The second problem that I see with the group is that our campaigns are short. Typically six to nine months, maybe a year in length. Which is fucking short in my opinion. One of the big reasons I've never come up with a background for a character until Kyle made me for Navere was because our campaigns are short. I kept playing a variation of OG 4th Edition Erevan the Bard because I wanted a sense of continuity and I enjoy the pleasantly homicidal ridiculousness of that character. For me, I feel like what is the point of becoming invested in a particular character and their history and emotions and feelings if the campaign is going to be over in ten or fifteen sessions? I'm not sure everyone in the group would agree with me here, but this is my two cents.

The third problem I think we have is comfort level with each other. Don't get me wrong, I think we're all friends and whatnot and we all seem to like each other and we all seem to be able to relate to one another. Personally, part of my comfort level as a GM stems from always having gamed with the same set of four dudes, or a variation of that group, for the past twenty years. I'm super comfortable around those guys and can say and do things with them that I normally wouldn't with random people. There are even versions of that group that I wouldn't have felt comfortable enough with to RP a gay relationship.

Anyway. So yeah, we're all friends. I'm friends with Kyle, Kyle is friends with Kevin. Jacob and Dave are friends with Kevin, Andrew is Jacob's brother, and Chase is friends with Andrew. We're all friends, but we haven't all been playing DnD with each other for decades, or even five years. We're all friends and we like each other, but there's still a little bit of distance simply because we lack that long term association that breaks down a lot of boundaries that self doubt and a sense of shame bring out.

So those are just some things I see that I think might be partially responsible for why my group doesn't really delve into lots of RP during sessions. Which is ok. There's nothing that says a group must RP extensively. If the group just doesn't feel like really in depth RP is its thing, there's no law saying they're fired from DnD. These are just my opinions and they could of course be way off base. They're also completely irrelevant. Ultimately, I think we're having fun and that is what's important. 

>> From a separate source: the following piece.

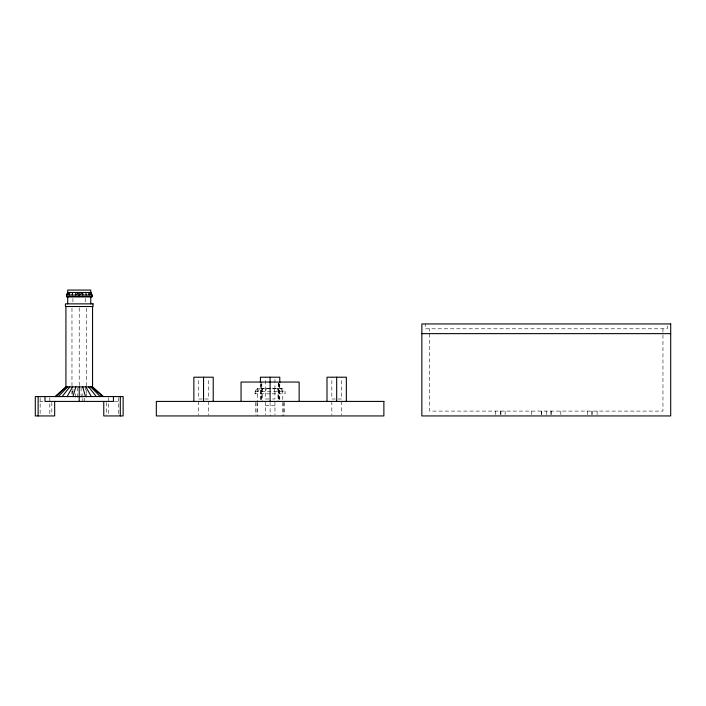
<?xml version="1.0" encoding="UTF-8"?>
<svg xmlns="http://www.w3.org/2000/svg" width="706" height="706" viewBox="0 0 706 706"><rect width="100%" height="100%" fill="white"/><g stroke="black" fill="none" stroke-linecap="round" stroke-linejoin="round"><path stroke-width="0.53" stroke-dasharray="3.53 2.65" d="M71.959 394.151L71.968 391.036M72.206 394.151L72.215 391.036M72.939 392.077L72.939 388.962M75.586 397.266L75.595 393.11M77.342 397.266L77.351 387.929M81.102 397.266L81.111 387.929M82.849 401.414L82.849 398.299M82.849 397.266L82.858 392.077M84.349 401.414L84.358 398.299M85.514 390.003L85.523 387.929M86.238 393.11L86.247 390.003M86.485 397.266L86.485 392.077M265.624 391.283L266.321 388.265M261.449 391.283L262.791 388.265M257.866 391.283L259.764 388.265M270.107 393.816L255.131 393.816L255.131 391.283L257.443 388.75L282.771 388.75L285.074 391.283L285.074 393.816L271.898 393.816M255.14 393.816L255.14 391.283L257.443 388.75M270.107 388.265L257.443 388.265L257.443 401.414M271.995 388.265L282.771 388.265L282.771 401.414M255.131 391.283L285.074 391.283M202.287 398.996L198.695 398.996L198.695 377.207M204.793 398.996L208.376 398.996L208.376 378.292M268.854 398.996L265.262 398.996L265.262 377.207M272.525 398.996L274.952 398.996L274.952 377.207M335.421 398.996L331.838 398.996L331.838 377.207M337.927 398.996L341.519 398.996L341.519 377.207M39.668 401.414L42.951 401.414M114.39 401.414L120.294 401.414M265.262 405.288L274.952 405.288M282.347 391.283L280.45 388.265M278.755 391.283L277.423 388.265M274.581 391.283L273.893 388.265M667.311 325.89L667.311 328.793L425.241 328.793L425.241 323.948M662.952 328.793L662.952 411.095L429.601 411.095L429.601 328.793M597.108 411.095L597.108 415.94M592.272 411.095L592.272 415.94M591.646 411.095L591.646 415.94M587.427 411.095L587.427 415.94M560.802 411.095L560.802 415.94M551.121 411.095L551.121 415.94M551.033 411.095L550.954 415.94M546.276 411.095L546.276 415.94M541.52 411.095L541.52 415.94M541.44 411.095L541.44 415.94M531.75 411.095L531.75 415.94M505.125 411.095L505.125 415.94M500.907 411.095L500.907 415.94M500.289 411.095L500.289 415.94M495.444 411.095L495.444 415.94M341.519 401.414L341.519 414.899M331.838 401.414L331.838 414.899M284.73 402.446L284.73 414.899M283.265 402.446L283.265 415.94M282.771 402.446L282.771 415.94M279.788 383.808L279.788 400.311M279.249 384.196L279.249 399.261M278.526 383.12L278.526 399.261M278.376 383.12L278.376 399.261M278.023 388.265L278.023 401.414M274.952 401.414L274.952 414.872M270.107 402.446L270.107 415.94M265.262 401.414L265.262 414.872M262.182 388.265L262.182 401.414M261.838 382.052L261.838 400.32M261.688 384.117L261.688 400.32M260.964 384.196L260.964 399.261M260.426 383.808L260.426 400.311M257.443 402.446L257.443 415.94M256.949 402.446L256.949 414.899M255.484 402.446L255.484 414.899M208.376 401.414L208.376 414.899M198.695 401.414L198.695 414.899M118.29 397.646L118.29 415.94M108.609 397.646L108.609 415.94M106.606 402.446L106.606 414.899M86.494 308.231L86.494 385.794M85.523 298.417L85.523 302.768M79.231 307.878L79.231 385.794M72.939 298.417L72.939 302.768M71.968 308.231L71.968 385.794M51.829 402.446L51.829 414.899M49.826 397.646L49.826 415.94M40.145 397.646L40.145 415.94"/><path stroke-width="1.06" d="M79.231 296.705L79.231 292.487L75.604 295.037L75.789 292.487M72.224 295.037L72.577 292.487M69.815 292.487L69.32 295.037L66.717 295.011L66.717 296.705L92.018 296.705L92.018 295.037L90.765 292.487L67.705 292.487L66.717 295.011M72.983 396.569L75.789 386.888M66.717 295.037L67.705 292.487L67.705 290.06L90.765 290.06L90.765 294.093M67.141 396.569L72.577 386.888M62.128 396.569L69.815 386.888M58.28 396.569L67.705 386.888M55.853 396.569L66.373 386.888M55.024 396.569L65.923 386.888L92.548 386.888L103.438 396.569M79.231 295.037L82.681 292.487L82.858 295.037M92.018 295.037L69.32 295.037L67.705 292.487M66.717 296.705L68.456 296.705M92.018 296.705L66.717 296.679L67.705 296.838L67.705 303.862M421.853 333.638L670.7 333.638M92.089 386.888L102.617 396.569L100.993 395.086M95.328 389.871L97.755 392.104M90.765 386.888L100.208 396.569M88.647 386.888L96.36 396.569M85.885 386.888L91.348 396.569M82.681 386.888L85.514 396.569M88.647 292.487L89.15 295.037L90.765 292.487L91.745 295.037L91.745 296.705L90.765 296.838L90.765 303.862M85.885 292.487L86.247 295.037M79.231 386.888L79.213 401.414M346.355 401.414L346.355 377.207L326.993 377.207L326.993 401.414M336.674 377.207L336.674 401.414M299.15 401.414L299.15 382.052L241.055 382.052L241.055 401.414M279.788 382.705L279.788 377.207L260.426 377.207L260.426 382.705M270.107 377.207L270.107 401.414M213.221 401.414L213.221 377.207L193.859 377.207L193.859 401.414M203.54 377.207L203.54 401.414M120.294 396.569L120.294 415.94M113.445 396.569L113.445 401.414L44.981 401.414L44.981 396.569M103.764 401.414L103.764 415.94L123.135 415.94L123.135 396.569L35.3 396.569L35.3 415.94L54.662 415.94L54.662 401.414M92.548 306.528L92.548 386.888M65.923 306.528L65.923 386.888M38.133 396.569L38.133 415.94M93.033 303.862L65.437 303.862L65.437 306.528L93.033 306.528L93.033 303.862M670.7 323.948L421.853 323.948L421.853 415.94L670.7 415.94L670.7 323.948M383.879 401.414L156.335 401.414L156.335 415.94L383.879 415.94L383.879 401.414"/></g></svg>

Wednesday, February 8, 2017

Navere, Whose Bones Sing of The Mountain

Is it whose or who's? I dunno. Whatever.

The following is a background for my wild elf druid Navere that I am currently playing in the Curse of Strahd 5th Edition module. It's the first background I've created for a character in literal years, so it didn't exactly exit my brain hole easily and I am a little rusty, which I think shows. It was written as a sort of fireside conversation. As if Navere and the other characters were seated around the fire and started asking each other for their life stories and how they became adventurers and whatnot. Some of Navere's defining characteristics are that he was raised by wolves, not elves, and that he is very focused on flight or flight instincts and predator vs. prey relationships. Here it is:

“My first memories have always been of blinding white snow beneath a glaring sun, glittering coldly like frozen gems. These memories are swiftly followed by ones of cold, a cold like a frost-rimed metal fist gripping my bones. This makes sense, as I grew up on a mountain called Cold Mountain in the Spine of the World. A cold, but beautiful place. Full of stormy winters full of thunder and lightning. I always loved the storms, the howling wind, the thunder rumbling in the distance, thumping in my chest like a second, stronger, heartbeat.”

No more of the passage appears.